3. The NFS high availability method based on fault detection and routing policy according to claim 2, wherein the distributed storage cluster node information is distributed storage server cluster node information, and the distributed storage server cluster node information includes attribute information of all NFS server nodes in a server cluster.

4. The method for high availability of NFS based on fault detection and routing policy according to claim 3, wherein detecting whether the current service end node fails according to the list of IP accessible nodes in real time, if the NFS service end node fails, actively switching the virtual IP of the NFS service end node to the next normal NFS service end node in the cluster according to the ordering of the list of IP accessible nodes; meanwhile, if the NFS server node returns to normal, the connection of the virtual IP of the NFS client is actively switched back to the original NFS server node, which specifically includes the following steps:

checking whether the connection route of the virtual IP of the current NFS server has been configured, if not, preferentially selecting to route the virtual IP to any NFS server node in the distributed storage NFS server cluster, and if the local NFS server node is not available, selecting a normal NFS server node; if the selected current NFS service end node fails, selecting the next non-failure NFS service end according to the ordering of the IP accessible node list, and virtually routing the NFS service end node to the non-failure NFS service end.

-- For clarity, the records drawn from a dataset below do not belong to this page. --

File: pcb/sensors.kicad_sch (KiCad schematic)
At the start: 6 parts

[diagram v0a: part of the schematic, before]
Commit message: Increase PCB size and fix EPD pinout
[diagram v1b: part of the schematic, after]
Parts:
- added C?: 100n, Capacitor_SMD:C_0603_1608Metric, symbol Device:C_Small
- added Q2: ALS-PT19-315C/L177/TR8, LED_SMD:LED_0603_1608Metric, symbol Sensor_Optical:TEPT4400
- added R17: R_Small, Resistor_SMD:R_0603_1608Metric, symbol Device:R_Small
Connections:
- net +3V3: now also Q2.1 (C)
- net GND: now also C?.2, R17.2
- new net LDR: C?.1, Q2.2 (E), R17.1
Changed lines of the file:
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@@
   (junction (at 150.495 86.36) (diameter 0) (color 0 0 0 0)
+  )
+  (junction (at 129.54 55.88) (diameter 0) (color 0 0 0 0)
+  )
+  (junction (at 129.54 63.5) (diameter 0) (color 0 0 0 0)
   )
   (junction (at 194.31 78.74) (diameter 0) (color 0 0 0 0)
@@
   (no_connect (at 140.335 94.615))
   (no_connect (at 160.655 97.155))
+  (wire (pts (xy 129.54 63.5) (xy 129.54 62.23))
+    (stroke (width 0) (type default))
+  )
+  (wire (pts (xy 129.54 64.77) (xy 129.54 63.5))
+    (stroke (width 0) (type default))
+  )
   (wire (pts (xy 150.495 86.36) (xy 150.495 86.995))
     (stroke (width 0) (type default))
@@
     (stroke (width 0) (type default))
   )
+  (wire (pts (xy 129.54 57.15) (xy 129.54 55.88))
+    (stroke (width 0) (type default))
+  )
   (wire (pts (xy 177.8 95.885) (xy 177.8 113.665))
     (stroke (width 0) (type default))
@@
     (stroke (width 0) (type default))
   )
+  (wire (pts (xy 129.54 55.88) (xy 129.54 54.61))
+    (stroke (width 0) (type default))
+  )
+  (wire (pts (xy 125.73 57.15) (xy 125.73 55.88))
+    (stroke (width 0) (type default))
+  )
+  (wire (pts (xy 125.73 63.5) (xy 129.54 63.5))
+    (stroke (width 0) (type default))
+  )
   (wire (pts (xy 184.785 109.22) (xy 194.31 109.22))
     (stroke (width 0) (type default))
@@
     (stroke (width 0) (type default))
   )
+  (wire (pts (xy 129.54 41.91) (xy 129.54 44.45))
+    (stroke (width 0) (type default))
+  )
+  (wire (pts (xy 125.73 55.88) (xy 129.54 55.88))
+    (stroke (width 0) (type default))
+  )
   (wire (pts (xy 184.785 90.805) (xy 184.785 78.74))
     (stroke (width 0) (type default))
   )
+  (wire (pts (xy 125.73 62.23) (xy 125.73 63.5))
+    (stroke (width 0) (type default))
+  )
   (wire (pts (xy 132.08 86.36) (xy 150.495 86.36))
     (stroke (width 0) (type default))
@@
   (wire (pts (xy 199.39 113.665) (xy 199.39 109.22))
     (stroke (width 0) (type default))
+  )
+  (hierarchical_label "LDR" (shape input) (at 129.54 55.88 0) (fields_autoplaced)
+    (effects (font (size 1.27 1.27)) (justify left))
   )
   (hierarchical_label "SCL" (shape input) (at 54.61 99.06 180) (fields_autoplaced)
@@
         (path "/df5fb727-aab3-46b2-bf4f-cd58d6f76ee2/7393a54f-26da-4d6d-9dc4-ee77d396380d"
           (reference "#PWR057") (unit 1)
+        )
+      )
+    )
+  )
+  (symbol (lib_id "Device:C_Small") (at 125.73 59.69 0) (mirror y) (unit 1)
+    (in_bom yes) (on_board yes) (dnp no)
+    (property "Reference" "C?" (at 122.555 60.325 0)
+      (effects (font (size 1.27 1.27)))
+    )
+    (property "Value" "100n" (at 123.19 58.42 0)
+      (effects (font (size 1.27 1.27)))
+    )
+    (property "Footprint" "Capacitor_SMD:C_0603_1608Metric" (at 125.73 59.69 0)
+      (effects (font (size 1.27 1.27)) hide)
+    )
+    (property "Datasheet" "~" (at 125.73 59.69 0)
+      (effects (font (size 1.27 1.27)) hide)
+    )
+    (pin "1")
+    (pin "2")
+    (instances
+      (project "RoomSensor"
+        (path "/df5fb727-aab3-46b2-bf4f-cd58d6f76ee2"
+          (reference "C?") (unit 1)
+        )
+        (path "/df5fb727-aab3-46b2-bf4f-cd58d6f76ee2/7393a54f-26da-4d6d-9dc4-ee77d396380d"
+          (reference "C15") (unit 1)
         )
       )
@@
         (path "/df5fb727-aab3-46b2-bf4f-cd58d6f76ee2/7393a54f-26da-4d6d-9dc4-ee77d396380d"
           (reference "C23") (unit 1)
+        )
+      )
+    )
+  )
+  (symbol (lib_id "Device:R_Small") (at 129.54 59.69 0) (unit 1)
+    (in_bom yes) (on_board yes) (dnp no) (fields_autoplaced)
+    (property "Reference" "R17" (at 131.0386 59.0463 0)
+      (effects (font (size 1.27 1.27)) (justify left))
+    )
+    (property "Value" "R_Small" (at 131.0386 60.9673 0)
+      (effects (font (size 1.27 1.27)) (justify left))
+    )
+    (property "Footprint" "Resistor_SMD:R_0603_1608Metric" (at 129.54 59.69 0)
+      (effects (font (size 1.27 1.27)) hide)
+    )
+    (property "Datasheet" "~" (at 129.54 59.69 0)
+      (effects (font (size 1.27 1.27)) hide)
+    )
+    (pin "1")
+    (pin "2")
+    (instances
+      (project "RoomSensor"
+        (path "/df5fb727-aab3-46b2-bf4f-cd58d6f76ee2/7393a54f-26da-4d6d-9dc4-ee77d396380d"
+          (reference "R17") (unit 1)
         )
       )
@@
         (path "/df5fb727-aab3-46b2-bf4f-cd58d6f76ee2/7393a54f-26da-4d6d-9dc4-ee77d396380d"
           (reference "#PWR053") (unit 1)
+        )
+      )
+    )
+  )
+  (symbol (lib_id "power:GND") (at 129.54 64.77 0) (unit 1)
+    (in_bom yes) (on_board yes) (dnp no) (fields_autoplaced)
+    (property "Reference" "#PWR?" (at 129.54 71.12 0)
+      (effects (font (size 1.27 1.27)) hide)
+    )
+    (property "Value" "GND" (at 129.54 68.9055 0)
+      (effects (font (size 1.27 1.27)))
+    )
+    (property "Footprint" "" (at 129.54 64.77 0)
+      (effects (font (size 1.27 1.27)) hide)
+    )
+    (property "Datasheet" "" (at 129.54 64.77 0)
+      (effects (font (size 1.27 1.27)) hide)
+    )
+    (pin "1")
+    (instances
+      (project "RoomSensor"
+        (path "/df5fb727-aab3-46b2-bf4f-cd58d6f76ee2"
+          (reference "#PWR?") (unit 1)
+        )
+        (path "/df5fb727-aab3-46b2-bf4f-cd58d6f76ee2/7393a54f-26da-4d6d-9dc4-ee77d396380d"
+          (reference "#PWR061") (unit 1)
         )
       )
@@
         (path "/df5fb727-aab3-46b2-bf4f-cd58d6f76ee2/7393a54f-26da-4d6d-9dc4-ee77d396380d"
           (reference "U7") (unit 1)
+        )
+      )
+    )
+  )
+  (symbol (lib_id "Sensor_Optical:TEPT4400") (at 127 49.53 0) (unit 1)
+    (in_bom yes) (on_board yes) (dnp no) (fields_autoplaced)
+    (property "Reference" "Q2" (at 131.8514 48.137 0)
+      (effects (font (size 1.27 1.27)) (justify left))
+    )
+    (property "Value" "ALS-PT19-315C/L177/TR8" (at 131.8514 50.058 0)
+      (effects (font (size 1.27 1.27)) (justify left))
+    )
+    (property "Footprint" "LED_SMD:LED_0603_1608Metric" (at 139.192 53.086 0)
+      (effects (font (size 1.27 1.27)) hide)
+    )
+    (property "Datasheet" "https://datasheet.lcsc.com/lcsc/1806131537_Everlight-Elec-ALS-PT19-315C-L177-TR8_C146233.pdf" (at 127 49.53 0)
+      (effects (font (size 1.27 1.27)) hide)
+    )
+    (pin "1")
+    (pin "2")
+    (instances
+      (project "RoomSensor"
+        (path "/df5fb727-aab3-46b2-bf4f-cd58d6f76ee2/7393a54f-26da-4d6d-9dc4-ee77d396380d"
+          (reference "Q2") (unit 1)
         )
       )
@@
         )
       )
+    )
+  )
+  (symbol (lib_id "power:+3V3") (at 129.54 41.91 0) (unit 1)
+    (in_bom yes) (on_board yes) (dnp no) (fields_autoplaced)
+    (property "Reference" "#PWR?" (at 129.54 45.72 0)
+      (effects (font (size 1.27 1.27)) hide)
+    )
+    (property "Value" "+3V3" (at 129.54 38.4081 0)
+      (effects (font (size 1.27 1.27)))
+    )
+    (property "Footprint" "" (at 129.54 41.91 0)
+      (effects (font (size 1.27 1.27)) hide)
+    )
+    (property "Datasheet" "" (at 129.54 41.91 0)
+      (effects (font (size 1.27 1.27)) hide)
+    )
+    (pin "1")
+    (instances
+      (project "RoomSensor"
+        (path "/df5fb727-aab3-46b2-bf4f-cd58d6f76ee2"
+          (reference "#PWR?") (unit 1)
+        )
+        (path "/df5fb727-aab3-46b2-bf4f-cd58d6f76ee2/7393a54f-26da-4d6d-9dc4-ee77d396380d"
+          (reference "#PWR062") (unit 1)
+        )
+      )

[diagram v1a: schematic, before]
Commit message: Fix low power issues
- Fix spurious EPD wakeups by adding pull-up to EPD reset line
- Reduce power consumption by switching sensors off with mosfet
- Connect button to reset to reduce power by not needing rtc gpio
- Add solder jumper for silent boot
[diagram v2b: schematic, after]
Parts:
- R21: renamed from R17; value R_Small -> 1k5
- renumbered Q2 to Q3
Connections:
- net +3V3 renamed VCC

5. The NFS high availability method based on fault detection and routing policy of claim 4, wherein the subnetwork comprises an NFS server and an NFS client and an NFS system; the NFS mode connection refers to a mode of realizing connection between an NFS server and an NFS client by using an NFS system.

6. The method for NFS high availability based on fault detection and routing policy according to claim 5, wherein the currently running server accesses a server at a currently corresponding NFS server for a current NFS client through NFS connection.